Task statement: Retype the data exactly, from its first line to the line containing "Line((21.5, -11.5), (21.447614762, 11.499940343))", including both, and skip any picture.

Extracted data entries:
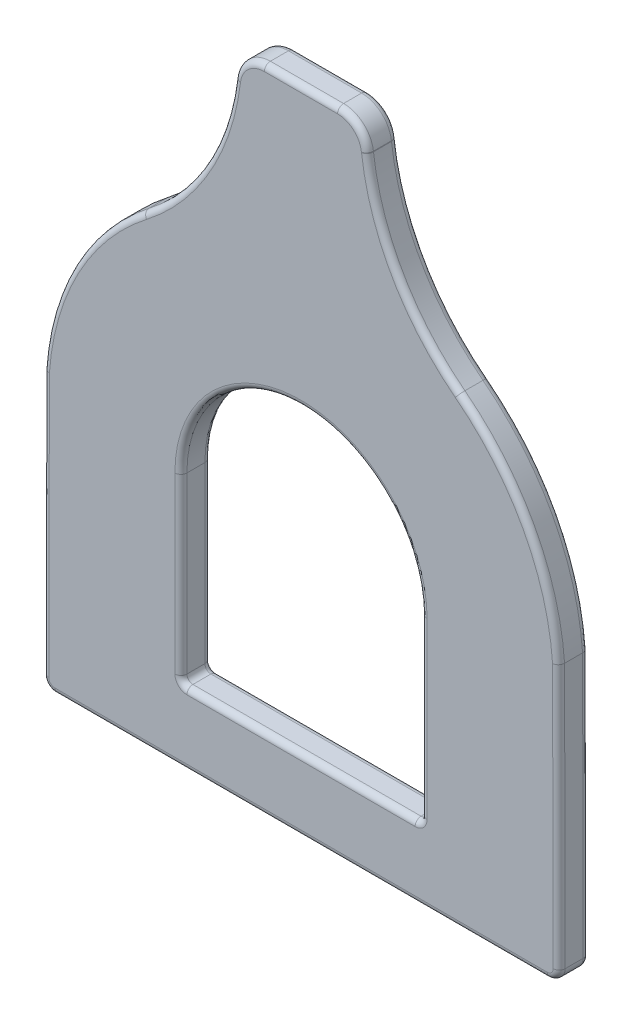
from build123d import *

# Parameters (mm, degrees)
BOSS_EXTRUDE1_DEPTH = 2.5
FILLET1_R           = 1
FILLET2_R           = 0.5
FILLET3_R           = 0.5
CUT_EXTRUDE2_DEPTH  = 2.5
FILLET4_R           = 0.5


with BuildPart() as part:
    # Sketch2 → Boss-Extrude1 (new body)
    with BuildSketch(Plane.XY):
        with BuildLine():
            Line((-21.447614762, 11.499940343), (-21.5, -11.5))
            Line((-21.5, -11.5), (21.5, -11.5))
            Line((21.5, -11.5), (21.447614762, 11.499940343))
            ThreePointArc((21.447614762, 11.499940343), (18.95861031, 20.140073724), (13.153764478, 27.006718674))
            ThreePointArc((13.153764478, 27.006718674), (7.998527865, 32.950546095), (5.534835658, 40.422879711))
            Line((5.534835658, 40.422879711), (5.529472751, 40.467171964))
            ThreePointArc((5.529472751, 40.467171964), (4.705721094, 42.037664161), (3.047599151, 42.666666667))
            Line((3.047599151, 42.666666667), (-3.047599151, 42.666666667))
            ThreePointArc((-3.047599151, 42.666666667), (-4.705721094, 42.037664161), (-5.529472751, 40.467171964))
            Line((-5.529472751, 40.467171964), (-5.534835658, 40.422879711))
            ThreePointArc((-5.534835658, 40.422879711), (-7.998527865, 32.950546095), (-13.153764478, 27.006718674))
            ThreePointArc((-13.153764478, 27.006718674), (-18.95861031, 20.140073724), (-21.447614762, 11.499940343))
        make_face()
    extrude(amount=BOSS_EXTRUDE1_DEPTH)

    # Fillet1
    fillet1_edges = [part.edges().sort_by_distance(p)[0] for p in [
        (21.5, -11.5, 1.25),
        (-21.5, -11.5, 1.25),
    ]]
    fillet(fillet1_edges, radius=FILLET1_R)

    # Fillet2
    # the kernel refuses this fillet: 0.5 mm, written as the material it takes off along each edge
    with BuildSketch(Plane(origin=(0, 10, 2.5), x_dir=(-0.6118029989647665, 0.7910101708939764, 0), z_dir=(0.7910101708939764, 0.6118029989647665, 0))) as fillet2_piece_1:
        with BuildLine():
            CenterArc((21.5 - FILLET2_R, -FILLET2_R), FILLET2_R, 0, 90)
            Line((21.5 - FILLET2_R, 0), (21.5, 0))
            Line((21.5, 0), (21.5, -FILLET2_R))
        make_face()
    revolve(axis=Axis((0, 10, 2.5), (0, 0, 1)), revolution_arc=51.611078363, mode=Mode.SUBTRACT)
    with BuildSketch(Plane(origin=(-21.444767738, 12.749937101, 2.5), x_dir=(0, 0, -1), z_dir=(-0.0022776190557038953, -0.9999974062223548, 0))) as fillet2_piece_2:
        with BuildLine():
            CenterArc((FILLET2_R, FILLET2_R), FILLET2_R, 180, 90)
            Line((0, FILLET2_R), (0, 0))
            Line((0, 0), (FILLET2_R, 0))
        make_face()
    extrude(amount=23.247719781, mode=Mode.SUBTRACT)
    with BuildSketch(Plane(origin=(21.497717187, -10.497722381, 2.5), x_dir=(-0.9999974062223547, -0.002277619055703895, 0), z_dir=(-0.0022776190557038953, 0.9999974062223548, 0))) as fillet2_piece_3:
        with BuildLine():
            CenterArc((FILLET2_R, -FILLET2_R), FILLET2_R, 90, 90)
            Line((0, -FILLET2_R), (0, 0))
            Line((0, 0), (FILLET2_R, 0))
        make_face()
    extrude(amount=23.247719781, mode=Mode.SUBTRACT)
    with BuildSketch(Plane(origin=(0, 10, 2.5), x_dir=(0.999931846454531, 0.011674863854978535, 0), z_dir=(0.011674863854978535, -0.999931846454531, 0))) as fillet2_piece_4:
        with BuildLine():
            CenterArc((21.5 - FILLET2_R, -FILLET2_R), FILLET2_R, 0, 90)
            Line((21.5, -FILLET2_R), (21.5, 0))
            Line((21.5, 0), (21.5 - FILLET2_R, 0))
        make_face()
    revolve(axis=Axis((0, 10, 2.5), (0, 0, 1)), revolution_arc=51.611078363, mode=Mode.SUBTRACT)
    with BuildSketch(Plane(origin=(25.389824457, 42.826922092, 2.5), x_dir=(-0.6118029989647666, -0.7910101708939764, 0), z_dir=(0.7910101708939764, -0.6118029989647666, 0))) as fillet2_piece_5:
        with BuildLine():
            CenterArc((20 + FILLET2_R, FILLET2_R), FILLET2_R, 180, 90)
            Line((20, FILLET2_R), (20, 0))
            Line((20, 0), (20 + FILLET2_R, 0))
        make_face()
    revolve(axis=Axis((25.389824457, 42.826922092, 2.5), (0, 0, -1)), revolution_arc=45.3762464, mode=Mode.SUBTRACT)
    with BuildSketch(Plane(origin=(-20.497719781, -11.5, 2.5), x_dir=(0, 1, 0), z_dir=(1, 0, 0))) as fillet2_piece_6:
        with BuildLine():
            CenterArc((FILLET2_R, -FILLET2_R), FILLET2_R, 90, 90)
            Line((0, -FILLET2_R), (0, 0))
            Line((0, 0), (FILLET2_R, 0))
        make_face()
    extrude(amount=40.995439563, mode=Mode.SUBTRACT)
    with BuildSketch(Plane(origin=(5.534835658, 40.422879711, 2.5), x_dir=(-0.9927494399740624, -0.12020211907943115, 0), z_dir=(-0.12020211907943114, 0.9927494399740623, 0)), Plane(origin=(-5.529472751, 40.467171964, 2.5), x_dir=(0.9927494399740623, -0.1202021190794305, 0), z_dir=(-0.12020211907943051, -0.9927494399740624, 0))) as fillet2_piece_7:
        with BuildLine():
            CenterArc((FILLET2_R, -FILLET2_R), FILLET2_R, 90, 90)
            Line((0, -FILLET2_R), (0, 0))
            Line((0, 0), (FILLET2_R, 0))
        make_face()
    extrude(amount=0.044615743, mode=Mode.SUBTRACT)
    with BuildSketch(Plane(origin=(20.497719781, -10.5, 2.5), x_dir=(0, -1, 0), z_dir=(-1, 0, 0))) as fillet2_piece_8:
        with BuildLine():
            CenterArc((1 - FILLET2_R, -FILLET2_R), FILLET2_R, 0, 90)
            Line((1, -FILLET2_R), (1, 0))
            Line((1, 0), (1 - FILLET2_R, 0))
        make_face()
    revolve(axis=Axis((20.497719781, -10.5, 2.5), (0, 0, 1)), revolution_arc=90.130498072, mode=Mode.SUBTRACT)
    with BuildSketch(Plane(origin=(3.047599151, 40.166666667, 2.5), x_dir=(0.9927494399740617, 0.12020211907943634, 0), z_dir=(0.12020211907943634, -0.9927494399740617, 0))) as fillet2_piece_9:
        with BuildLine():
            CenterArc((2.5 - FILLET2_R, -FILLET2_R), FILLET2_R, 0, 90)
            Line((2.5, -FILLET2_R), (2.5, 0))
            Line((2.5, 0), (2.5 - FILLET2_R, 0))
        make_face()
    revolve(axis=Axis((3.047599151, 40.166666667, 2.5), (0, 0, 1)), revolution_arc=83.096232415, mode=Mode.SUBTRACT)
    with BuildSketch(Plane(origin=(-20.497719781, -10.5, 2.5), x_dir=(-0.9999974062223547, 0.002277619055705668, 0), z_dir=(0.002277619055705668, 0.9999974062223547, 0))) as fillet2_piece_10:
        with BuildLine():
            CenterArc((1 - FILLET2_R, -FILLET2_R), FILLET2_R, 0, 90)
            Line((1 - FILLET2_R, 0), (1, 0))
            Line((1, 0), (1, -FILLET2_R))
        make_face()
    revolve(axis=Axis((-20.497719781, -10.5, 2.5), (0, 0, 1)), revolution_arc=90.130498072, mode=Mode.SUBTRACT)
    with BuildSketch(Plane(origin=(3.047599151, 42.666666667, 2.5), x_dir=(0, -1, 0), z_dir=(-1, 0, 0))) as fillet2_piece_11:
        with BuildLine():
            CenterArc((FILLET2_R, -FILLET2_R), FILLET2_R, 90, 90)
            Line((0, -FILLET2_R), (0, 0))
            Line((0, 0), (FILLET2_R, 0))
        make_face()
    extrude(amount=6.095198302, mode=Mode.SUBTRACT)
    with BuildSketch(Plane(origin=(-3.047599151, 40.166666667, 2.5), x_dir=(0, 1, 0), z_dir=(1, 0, 0))) as fillet2_piece_12:
        with BuildLine():
            CenterArc((2.5 - FILLET2_R, -FILLET2_R), FILLET2_R, 0, 90)
            Line((2.5, -FILLET2_R), (2.5, 0))
            Line((2.5, 0), (2.5 - FILLET2_R, 0))
        make_face()
    revolve(axis=Axis((-3.047599151, 40.166666667, 2.5), (0, 0, 1)), revolution_arc=83.096232415, mode=Mode.SUBTRACT)
    with BuildSketch(Plane(origin=(-25.389824457, 42.826922092, 2.5), x_dir=(0.9927494399740615, -0.12020211907943686, 0), z_dir=(0.12020211907943686, 0.9927494399740615, 0))) as fillet2_piece_13:
        with BuildLine():
            CenterArc((20 + FILLET2_R, FILLET2_R), FILLET2_R, 180, 90)
            Line((20, FILLET2_R), (20, 0))
            Line((20, 0), (20 + FILLET2_R, 0))
        make_face()
    revolve(axis=Axis((-25.389824457, 42.826922092, 2.5), (0, 0, -1)), revolution_arc=45.3762464, mode=Mode.SUBTRACT)

    # Fillet3
    # the kernel refuses this fillet: 0.5 mm, written as the material it takes off along each edge
    with BuildSketch(Plane(origin=(-3.047599151, 40.166666667, 0), x_dir=(0, 1, 0), z_dir=(1, 0, 0))) as fillet3_piece_1:
        with BuildLine():
            CenterArc((2.5 - FILLET3_R, FILLET3_R), FILLET3_R, 270, 90)
            Line((2.5, FILLET3_R), (2.5, 0))
            Line((2.5, 0), (2.5 - FILLET3_R, 0))
        make_face()
    revolve(axis=Axis((-3.047599151, 40.166666667, 0), (0, 0, 1)), revolution_arc=83.096232415, mode=Mode.SUBTRACT)
    with BuildSketch(Plane(origin=(3.047599151, 42.666666667, 0), x_dir=(0, -1, 0), z_dir=(-1, 0, 0))) as fillet3_piece_2:
        with BuildLine():
            CenterArc((FILLET3_R, FILLET3_R), FILLET3_R, 180, 90)
            Line((0, FILLET3_R), (0, 0))
            Line((0, 0), (FILLET3_R, 0))
        make_face()
    extrude(amount=6.095198302, mode=Mode.SUBTRACT)
    with BuildSketch(Plane(origin=(3.047599151, 40.166666667, 0), x_dir=(0.9927494399740617, 0.12020211907943634, 0), z_dir=(0.12020211907943634, -0.9927494399740617, 0))) as fillet3_piece_3:
        with BuildLine():
            CenterArc((2.5 - FILLET3_R, FILLET3_R), FILLET3_R, 270, 90)
            Line((2.5, FILLET3_R), (2.5, 0))
            Line((2.5, 0), (2.5 - FILLET3_R, 0))
        make_face()
    revolve(axis=Axis((3.047599151, 40.166666667, 0), (0, 0, 1)), revolution_arc=83.096232415, mode=Mode.SUBTRACT)
    with BuildSketch(Plane(origin=(5.534835658, 40.422879711, 0), x_dir=(-0.9927494399740624, -0.12020211907943115, 0), z_dir=(-0.12020211907943114, 0.9927494399740623, 0)), Plane(origin=(-5.529472751, 40.467171964, 0), x_dir=(0.9927494399740623, -0.1202021190794305, 0), z_dir=(-0.12020211907943051, -0.9927494399740624, 0))) as fillet3_piece_4:
        with BuildLine():
            CenterArc((FILLET3_R, FILLET3_R), FILLET3_R, 180, 90)
            Line((0, FILLET3_R), (0, 0))
            Line((0, 0), (FILLET3_R, 0))
        make_face()
    extrude(amount=0.044615743, mode=Mode.SUBTRACT)
    with BuildSketch(Plane(origin=(25.389824457, 42.826922092, 0), x_dir=(-0.6118029989647666, -0.7910101708939764, 0), z_dir=(0.7910101708939764, -0.6118029989647666, 0))) as fillet3_piece_5:
        with BuildLine():
            CenterArc((20 + FILLET3_R, -FILLET3_R), FILLET3_R, 90, 90)
            Line((20, -FILLET3_R), (20, 0))
            Line((20, 0), (20 + FILLET3_R, 0))
        make_face()
    revolve(axis=Axis((25.389824457, 42.826922092, 0), (0, 0, -1)), revolution_arc=45.3762464, mode=Mode.SUBTRACT)
    with BuildSketch(Plane(origin=(0, 10, 0), x_dir=(0.999931846454531, 0.011674863854978535, 0), z_dir=(0.011674863854978535, -0.999931846454531, 0))) as fillet3_piece_6:
        with BuildLine():
            CenterArc((21.5 - FILLET3_R, FILLET3_R), FILLET3_R, 270, 90)
            Line((21.5, FILLET3_R), (21.5, 0))
            Line((21.5, 0), (21.5 - FILLET3_R, 0))
        make_face()
    revolve(axis=Axis((0, 10, 0), (0, 0, 1)), revolution_arc=51.611078363, mode=Mode.SUBTRACT)
    with BuildSketch(Plane(origin=(21.497717187, -10.497722381, 0), x_dir=(-0.9999974062223547, -0.002277619055703895, 0), z_dir=(-0.0022776190557038953, 0.9999974062223548, 0))) as fillet3_piece_7:
        with BuildLine():
            CenterArc((FILLET3_R, FILLET3_R), FILLET3_R, 180, 90)
            Line((0, FILLET3_R), (0, 0))
            Line((0, 0), (FILLET3_R, 0))
        make_face()
    extrude(amount=23.247719781, mode=Mode.SUBTRACT)
    with BuildSketch(Plane(origin=(-21.444767738, 12.749937101, 0), x_dir=(0, 0, 1), z_dir=(-0.0022776190557038953, -0.9999974062223548, 0))) as fillet3_piece_8:
        with BuildLine():
            CenterArc((FILLET3_R, -FILLET3_R), FILLET3_R, 90, 90)
            Line((0, -FILLET3_R), (0, 0))
            Line((0, 0), (FILLET3_R, 0))
        make_face()
    extrude(amount=23.247719781, mode=Mode.SUBTRACT)
    with BuildSketch(Plane(origin=(0, 10, 0), x_dir=(-0.6118029989647665, 0.7910101708939764, 0), z_dir=(0.7910101708939764, 0.6118029989647665, 0))) as fillet3_piece_9:
        with BuildLine():
            CenterArc((21.5 - FILLET3_R, FILLET3_R), FILLET3_R, 270, 90)
            Line((21.5 - FILLET3_R, 0), (21.5, 0))
            Line((21.5, 0), (21.5, FILLET3_R))
        make_face()
    revolve(axis=Axis((0, 10, 0), (0, 0, 1)), revolution_arc=51.611078363, mode=Mode.SUBTRACT)
    with BuildSketch(Plane(origin=(-25.389824457, 42.826922092, 0), x_dir=(0.9927494399740615, -0.12020211907943686, 0), z_dir=(0.12020211907943686, 0.9927494399740615, 0))) as fillet3_piece_10:
        with BuildLine():
            CenterArc((20 + FILLET3_R, -FILLET3_R), FILLET3_R, 90, 90)
            Line((20, -FILLET3_R), (20, 0))
            Line((20, 0), (20 + FILLET3_R, 0))
        make_face()
    revolve(axis=Axis((-25.389824457, 42.826922092, 0), (0, 0, -1)), revolution_arc=45.3762464, mode=Mode.SUBTRACT)
    with BuildSketch(Plane(origin=(-20.497719781, -11.5, 0), x_dir=(0, 1, 0), z_dir=(1, 0, 0))) as fillet3_piece_11:
        with BuildLine():
            CenterArc((FILLET3_R, FILLET3_R), FILLET3_R, 180, 90)
            Line((0, FILLET3_R), (0, 0))
            Line((0, 0), (FILLET3_R, 0))
        make_face()
    extrude(amount=40.995439563, mode=Mode.SUBTRACT)
    with BuildSketch(Plane(origin=(20.497719781, -10.5, 0), x_dir=(0, -1, 0), z_dir=(-1, 0, 0))) as fillet3_piece_12:
        with BuildLine():
            CenterArc((1 - FILLET3_R, FILLET3_R), FILLET3_R, 270, 90)
            Line((1, FILLET3_R), (1, 0))
            Line((1, 0), (1 - FILLET3_R, 0))
        make_face()
    revolve(axis=Axis((20.497719781, -10.5, 0), (0, 0, 1)), revolution_arc=90.130498072, mode=Mode.SUBTRACT)
    with BuildSketch(Plane(origin=(-20.497719781, -10.5, 0), x_dir=(-0.9999974062223547, 0.002277619055705668, 0), z_dir=(0.002277619055705668, 0.9999974062223547, 0))) as fillet3_piece_13:
        with BuildLine():
            CenterArc((1 - FILLET3_R, FILLET3_R), FILLET3_R, 270, 90)
            Line((1 - FILLET3_R, 0), (1, 0))
            Line((1, 0), (1, FILLET3_R))
        make_face()
    revolve(axis=Axis((-20.497719781, -10.5, 0), (0, 0, 1)), revolution_arc=90.130498072, mode=Mode.SUBTRACT)

    # Sketch4 → Cut-Extrude2 (cut)
    with BuildSketch(Plane(origin=(0, 0, 0), x_dir=(-1, 0, 0), z_dir=(0, 0, -1))):
        with BuildLine():
            Line((-10, -5.5), (10, -5.5))
            Line((10, -5.5), (10, 9.5))
            ThreePointArc((10, 9.5), (0, 19.5), (-10, 9.5))
            Line((-10, 9.5), (-10, -5.5))
        make_face()
    extrude(amount=-CUT_EXTRUDE2_DEPTH, mode=Mode.SUBTRACT)

    # Fillet4
    fillet4_edges = [part.edges().sort_by_distance(p)[0] for p in [
        (0, 19.5, 2.5),
        (-10, 2, 2.5),
        (0, -5.5, 2.5),
        (-10, -5.5, 1.25),
        (10, 2, 2.5),
        (10, -5.5, 1.25),
        (0, 19.5, 0),
        (10, 2, 0),
        (0, -5.5, 0),
        (-10, 2, 0),
    ]]
    fillet(fillet4_edges, radius=FILLET4_R)


solid = part.part

Answer to the problem:
from build123d import *

# Parameters (mm, degrees)
BOSS_EXTRUDE1_DEPTH = 2.5
FILLET1_R           = 1
FILLET2_R           = 0.5
FILLET3_R           = 0.5
CUT_EXTRUDE2_DEPTH  = 2.5
FILLET4_R           = 0.5


with BuildPart() as part:
    # Sketch2 → Boss-Extrude1 (new body)
    with BuildSketch(Plane.XY):
        with BuildLine():
            Line((-21.447614762, 11.499940343), (-21.5, -11.5))
            Line((-21.5, -11.5), (21.5, -11.5))
            Line((21.5, -11.5), (21.447614762, 11.499940343))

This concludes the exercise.